Pick out each line of the records that includes the string "layers", and copy it.

SUPPLIED RECORDS: Begin

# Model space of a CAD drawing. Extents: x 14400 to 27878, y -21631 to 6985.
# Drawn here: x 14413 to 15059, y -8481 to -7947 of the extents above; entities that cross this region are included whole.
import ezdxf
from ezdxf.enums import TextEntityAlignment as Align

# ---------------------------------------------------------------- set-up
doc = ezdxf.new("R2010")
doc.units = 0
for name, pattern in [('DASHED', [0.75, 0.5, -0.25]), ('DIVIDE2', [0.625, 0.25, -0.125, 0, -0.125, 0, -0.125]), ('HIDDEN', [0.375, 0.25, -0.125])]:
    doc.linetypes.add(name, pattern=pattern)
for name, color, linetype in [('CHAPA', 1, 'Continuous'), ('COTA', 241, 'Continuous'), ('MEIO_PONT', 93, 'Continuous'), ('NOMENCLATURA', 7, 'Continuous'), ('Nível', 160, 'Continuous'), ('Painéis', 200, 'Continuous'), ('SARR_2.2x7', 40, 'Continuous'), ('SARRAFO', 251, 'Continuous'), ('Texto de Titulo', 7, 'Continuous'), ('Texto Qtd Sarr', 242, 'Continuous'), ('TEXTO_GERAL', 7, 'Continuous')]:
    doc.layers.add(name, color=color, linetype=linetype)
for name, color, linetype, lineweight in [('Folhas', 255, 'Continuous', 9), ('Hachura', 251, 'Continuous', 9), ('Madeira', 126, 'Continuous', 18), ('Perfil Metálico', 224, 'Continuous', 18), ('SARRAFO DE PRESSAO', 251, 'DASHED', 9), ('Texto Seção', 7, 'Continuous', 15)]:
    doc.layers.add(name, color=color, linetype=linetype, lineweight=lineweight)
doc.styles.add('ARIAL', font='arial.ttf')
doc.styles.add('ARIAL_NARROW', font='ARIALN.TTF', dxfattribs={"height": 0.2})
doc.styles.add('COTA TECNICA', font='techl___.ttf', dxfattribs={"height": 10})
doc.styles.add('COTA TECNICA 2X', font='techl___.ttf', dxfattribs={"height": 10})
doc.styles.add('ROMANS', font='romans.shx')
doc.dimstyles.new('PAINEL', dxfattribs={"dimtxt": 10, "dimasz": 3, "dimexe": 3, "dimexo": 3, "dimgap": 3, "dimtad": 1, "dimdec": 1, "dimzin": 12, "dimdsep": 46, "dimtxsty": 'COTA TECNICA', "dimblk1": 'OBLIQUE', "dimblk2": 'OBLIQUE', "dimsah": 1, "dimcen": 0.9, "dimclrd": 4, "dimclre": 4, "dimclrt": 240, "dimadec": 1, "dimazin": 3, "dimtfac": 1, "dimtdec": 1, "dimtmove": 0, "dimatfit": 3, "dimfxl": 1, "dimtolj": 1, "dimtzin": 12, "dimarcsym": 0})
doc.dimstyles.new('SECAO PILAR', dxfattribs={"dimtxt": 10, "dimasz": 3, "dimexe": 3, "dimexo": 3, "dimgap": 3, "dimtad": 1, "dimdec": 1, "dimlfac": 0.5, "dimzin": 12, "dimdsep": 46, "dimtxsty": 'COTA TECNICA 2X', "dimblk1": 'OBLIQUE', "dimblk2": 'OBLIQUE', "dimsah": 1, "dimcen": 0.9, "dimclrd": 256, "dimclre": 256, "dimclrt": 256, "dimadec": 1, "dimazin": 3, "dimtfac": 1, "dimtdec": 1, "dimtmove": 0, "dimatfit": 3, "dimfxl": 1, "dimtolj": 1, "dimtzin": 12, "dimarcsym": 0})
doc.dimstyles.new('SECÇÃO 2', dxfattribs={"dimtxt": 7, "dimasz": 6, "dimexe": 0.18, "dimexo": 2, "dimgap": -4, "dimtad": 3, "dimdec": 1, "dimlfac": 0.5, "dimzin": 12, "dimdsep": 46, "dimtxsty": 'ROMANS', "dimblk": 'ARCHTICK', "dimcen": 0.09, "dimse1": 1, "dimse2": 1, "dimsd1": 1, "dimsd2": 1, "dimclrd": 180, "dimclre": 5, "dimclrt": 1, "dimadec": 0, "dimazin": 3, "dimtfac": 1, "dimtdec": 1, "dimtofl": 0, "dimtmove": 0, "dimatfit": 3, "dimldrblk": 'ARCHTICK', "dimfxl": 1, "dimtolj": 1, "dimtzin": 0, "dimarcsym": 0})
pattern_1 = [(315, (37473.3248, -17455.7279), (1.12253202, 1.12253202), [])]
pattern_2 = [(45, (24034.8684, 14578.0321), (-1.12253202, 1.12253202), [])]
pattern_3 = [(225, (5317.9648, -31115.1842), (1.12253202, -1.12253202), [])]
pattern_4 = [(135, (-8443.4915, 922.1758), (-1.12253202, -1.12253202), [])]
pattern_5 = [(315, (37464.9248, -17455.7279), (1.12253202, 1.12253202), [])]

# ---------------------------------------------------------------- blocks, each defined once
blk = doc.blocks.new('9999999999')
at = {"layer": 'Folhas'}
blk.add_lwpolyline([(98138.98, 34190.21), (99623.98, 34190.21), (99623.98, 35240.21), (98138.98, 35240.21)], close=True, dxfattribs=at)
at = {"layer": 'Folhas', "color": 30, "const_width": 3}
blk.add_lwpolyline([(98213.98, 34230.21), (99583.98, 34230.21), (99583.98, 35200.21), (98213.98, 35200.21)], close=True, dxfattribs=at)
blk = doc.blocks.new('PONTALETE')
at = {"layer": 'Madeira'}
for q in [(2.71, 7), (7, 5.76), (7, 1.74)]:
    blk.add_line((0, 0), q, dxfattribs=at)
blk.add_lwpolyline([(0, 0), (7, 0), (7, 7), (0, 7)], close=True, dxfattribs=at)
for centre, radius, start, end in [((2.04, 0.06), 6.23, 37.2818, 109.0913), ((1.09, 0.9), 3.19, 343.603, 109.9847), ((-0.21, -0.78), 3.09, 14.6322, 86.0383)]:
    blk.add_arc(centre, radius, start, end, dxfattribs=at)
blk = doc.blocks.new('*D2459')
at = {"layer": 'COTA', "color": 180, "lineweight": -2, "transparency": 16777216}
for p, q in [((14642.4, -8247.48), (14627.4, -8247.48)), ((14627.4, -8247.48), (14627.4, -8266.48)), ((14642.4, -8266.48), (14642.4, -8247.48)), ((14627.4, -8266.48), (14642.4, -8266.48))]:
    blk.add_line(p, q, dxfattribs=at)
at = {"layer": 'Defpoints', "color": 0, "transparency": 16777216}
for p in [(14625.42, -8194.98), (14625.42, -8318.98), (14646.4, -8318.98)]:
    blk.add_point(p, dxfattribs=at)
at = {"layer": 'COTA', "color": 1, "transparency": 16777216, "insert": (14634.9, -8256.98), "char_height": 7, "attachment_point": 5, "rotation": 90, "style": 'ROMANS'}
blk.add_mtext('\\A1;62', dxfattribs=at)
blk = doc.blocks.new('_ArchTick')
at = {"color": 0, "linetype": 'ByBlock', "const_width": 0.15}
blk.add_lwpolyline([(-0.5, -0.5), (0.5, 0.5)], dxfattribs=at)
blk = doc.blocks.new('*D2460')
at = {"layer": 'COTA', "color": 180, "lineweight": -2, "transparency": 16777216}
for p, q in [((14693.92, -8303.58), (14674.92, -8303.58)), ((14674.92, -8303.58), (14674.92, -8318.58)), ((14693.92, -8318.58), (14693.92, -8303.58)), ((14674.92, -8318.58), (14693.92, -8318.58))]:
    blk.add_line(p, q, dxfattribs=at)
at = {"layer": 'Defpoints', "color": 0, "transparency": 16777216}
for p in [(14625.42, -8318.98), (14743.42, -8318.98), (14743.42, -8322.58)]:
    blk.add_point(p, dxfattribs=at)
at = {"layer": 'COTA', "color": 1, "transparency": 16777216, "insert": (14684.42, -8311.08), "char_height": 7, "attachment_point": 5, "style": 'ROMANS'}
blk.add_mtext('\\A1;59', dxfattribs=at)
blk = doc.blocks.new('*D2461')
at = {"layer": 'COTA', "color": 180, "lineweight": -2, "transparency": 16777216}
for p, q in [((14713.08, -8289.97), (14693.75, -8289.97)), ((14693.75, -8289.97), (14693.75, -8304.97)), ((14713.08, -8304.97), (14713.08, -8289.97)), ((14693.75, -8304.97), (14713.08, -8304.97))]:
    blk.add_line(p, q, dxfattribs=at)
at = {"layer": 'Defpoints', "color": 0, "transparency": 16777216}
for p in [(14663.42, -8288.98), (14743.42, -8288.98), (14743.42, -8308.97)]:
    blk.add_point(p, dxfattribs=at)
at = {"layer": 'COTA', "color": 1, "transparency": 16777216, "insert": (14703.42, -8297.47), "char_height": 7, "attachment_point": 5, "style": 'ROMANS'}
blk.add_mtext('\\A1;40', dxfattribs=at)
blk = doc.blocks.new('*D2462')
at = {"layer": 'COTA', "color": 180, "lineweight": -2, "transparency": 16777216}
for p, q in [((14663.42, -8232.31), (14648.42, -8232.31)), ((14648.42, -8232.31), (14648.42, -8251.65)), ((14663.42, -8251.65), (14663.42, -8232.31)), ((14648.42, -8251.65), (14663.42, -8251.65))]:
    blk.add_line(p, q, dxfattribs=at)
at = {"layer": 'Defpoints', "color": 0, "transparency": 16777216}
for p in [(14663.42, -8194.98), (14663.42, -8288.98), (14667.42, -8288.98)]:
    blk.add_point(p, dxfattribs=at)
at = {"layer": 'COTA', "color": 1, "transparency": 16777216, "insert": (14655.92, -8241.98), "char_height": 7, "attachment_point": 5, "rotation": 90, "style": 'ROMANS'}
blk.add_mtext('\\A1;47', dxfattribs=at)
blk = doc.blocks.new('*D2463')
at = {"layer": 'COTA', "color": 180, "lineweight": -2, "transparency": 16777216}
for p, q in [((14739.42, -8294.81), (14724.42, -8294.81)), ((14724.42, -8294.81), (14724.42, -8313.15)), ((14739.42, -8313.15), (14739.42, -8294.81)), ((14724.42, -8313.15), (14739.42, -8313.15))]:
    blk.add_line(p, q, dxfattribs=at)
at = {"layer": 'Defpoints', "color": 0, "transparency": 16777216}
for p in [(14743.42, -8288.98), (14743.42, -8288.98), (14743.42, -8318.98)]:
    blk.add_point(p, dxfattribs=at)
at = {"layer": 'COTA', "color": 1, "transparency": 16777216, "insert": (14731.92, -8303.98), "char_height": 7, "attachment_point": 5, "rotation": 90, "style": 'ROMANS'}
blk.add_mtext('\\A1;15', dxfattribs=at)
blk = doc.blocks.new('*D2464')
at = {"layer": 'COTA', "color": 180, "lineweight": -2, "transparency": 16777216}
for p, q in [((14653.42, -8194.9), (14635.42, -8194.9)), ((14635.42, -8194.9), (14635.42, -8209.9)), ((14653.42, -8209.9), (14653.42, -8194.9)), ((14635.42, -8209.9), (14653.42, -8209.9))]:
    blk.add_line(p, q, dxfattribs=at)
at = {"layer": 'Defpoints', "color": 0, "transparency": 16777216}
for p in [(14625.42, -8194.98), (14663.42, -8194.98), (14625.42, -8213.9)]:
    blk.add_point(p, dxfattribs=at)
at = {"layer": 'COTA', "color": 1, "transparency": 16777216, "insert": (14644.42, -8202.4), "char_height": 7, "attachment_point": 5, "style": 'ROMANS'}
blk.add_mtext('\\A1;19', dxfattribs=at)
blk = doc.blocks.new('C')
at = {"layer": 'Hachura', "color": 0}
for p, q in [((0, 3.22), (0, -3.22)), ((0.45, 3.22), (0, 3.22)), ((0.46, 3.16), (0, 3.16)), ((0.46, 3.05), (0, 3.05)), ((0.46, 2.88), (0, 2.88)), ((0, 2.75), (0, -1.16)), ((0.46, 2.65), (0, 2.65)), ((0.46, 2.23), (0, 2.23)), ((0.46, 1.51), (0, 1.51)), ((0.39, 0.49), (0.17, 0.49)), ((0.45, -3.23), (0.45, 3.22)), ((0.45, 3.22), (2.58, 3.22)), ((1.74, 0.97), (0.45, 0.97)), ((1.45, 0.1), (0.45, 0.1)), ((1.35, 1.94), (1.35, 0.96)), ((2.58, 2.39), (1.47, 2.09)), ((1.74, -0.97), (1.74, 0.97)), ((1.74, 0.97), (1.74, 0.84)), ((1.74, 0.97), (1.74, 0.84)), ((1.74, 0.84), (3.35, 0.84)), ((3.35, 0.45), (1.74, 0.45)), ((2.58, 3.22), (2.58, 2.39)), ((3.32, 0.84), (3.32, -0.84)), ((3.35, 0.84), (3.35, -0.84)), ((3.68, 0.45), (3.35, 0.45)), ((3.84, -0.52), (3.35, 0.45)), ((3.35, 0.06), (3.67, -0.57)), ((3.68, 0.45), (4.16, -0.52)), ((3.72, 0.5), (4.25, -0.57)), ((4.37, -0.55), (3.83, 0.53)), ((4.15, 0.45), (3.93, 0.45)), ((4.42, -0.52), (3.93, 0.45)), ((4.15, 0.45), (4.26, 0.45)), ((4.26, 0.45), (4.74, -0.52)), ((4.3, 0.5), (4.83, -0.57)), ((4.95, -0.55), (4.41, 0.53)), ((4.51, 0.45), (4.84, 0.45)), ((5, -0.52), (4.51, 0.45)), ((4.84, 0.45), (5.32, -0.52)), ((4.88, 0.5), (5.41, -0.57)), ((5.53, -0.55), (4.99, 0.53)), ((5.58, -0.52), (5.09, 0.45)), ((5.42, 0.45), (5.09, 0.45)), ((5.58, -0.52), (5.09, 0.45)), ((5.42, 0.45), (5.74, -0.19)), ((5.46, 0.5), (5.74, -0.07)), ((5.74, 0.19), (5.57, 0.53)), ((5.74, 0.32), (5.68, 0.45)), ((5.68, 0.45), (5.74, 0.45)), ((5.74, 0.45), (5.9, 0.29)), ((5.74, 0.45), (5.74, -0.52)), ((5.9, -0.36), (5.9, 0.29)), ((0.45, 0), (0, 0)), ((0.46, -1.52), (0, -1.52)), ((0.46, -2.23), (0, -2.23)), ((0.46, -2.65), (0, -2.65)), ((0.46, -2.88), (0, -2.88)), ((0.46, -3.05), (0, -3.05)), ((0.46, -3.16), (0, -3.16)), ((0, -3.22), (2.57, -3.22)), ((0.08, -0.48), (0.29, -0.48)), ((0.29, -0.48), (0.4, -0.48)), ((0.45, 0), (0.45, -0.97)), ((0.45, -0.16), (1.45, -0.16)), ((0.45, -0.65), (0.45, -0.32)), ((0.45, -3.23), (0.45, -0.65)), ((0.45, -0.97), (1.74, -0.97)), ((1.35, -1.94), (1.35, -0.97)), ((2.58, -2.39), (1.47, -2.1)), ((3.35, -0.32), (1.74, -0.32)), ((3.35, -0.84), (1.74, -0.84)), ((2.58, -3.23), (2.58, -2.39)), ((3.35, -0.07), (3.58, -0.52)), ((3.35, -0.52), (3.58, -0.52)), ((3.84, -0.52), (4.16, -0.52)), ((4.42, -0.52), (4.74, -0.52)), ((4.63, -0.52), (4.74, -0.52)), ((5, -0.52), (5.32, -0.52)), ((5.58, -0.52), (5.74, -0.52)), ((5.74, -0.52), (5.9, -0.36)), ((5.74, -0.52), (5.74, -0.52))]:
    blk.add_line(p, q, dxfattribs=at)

SUPPLIED RECORDS: End

> OUTPUT BELOW
    doc.layers.add(name, color=color, linetype=linetype)
    doc.layers.add(name, color=color, linetype=linetype, lineweight=lineweight)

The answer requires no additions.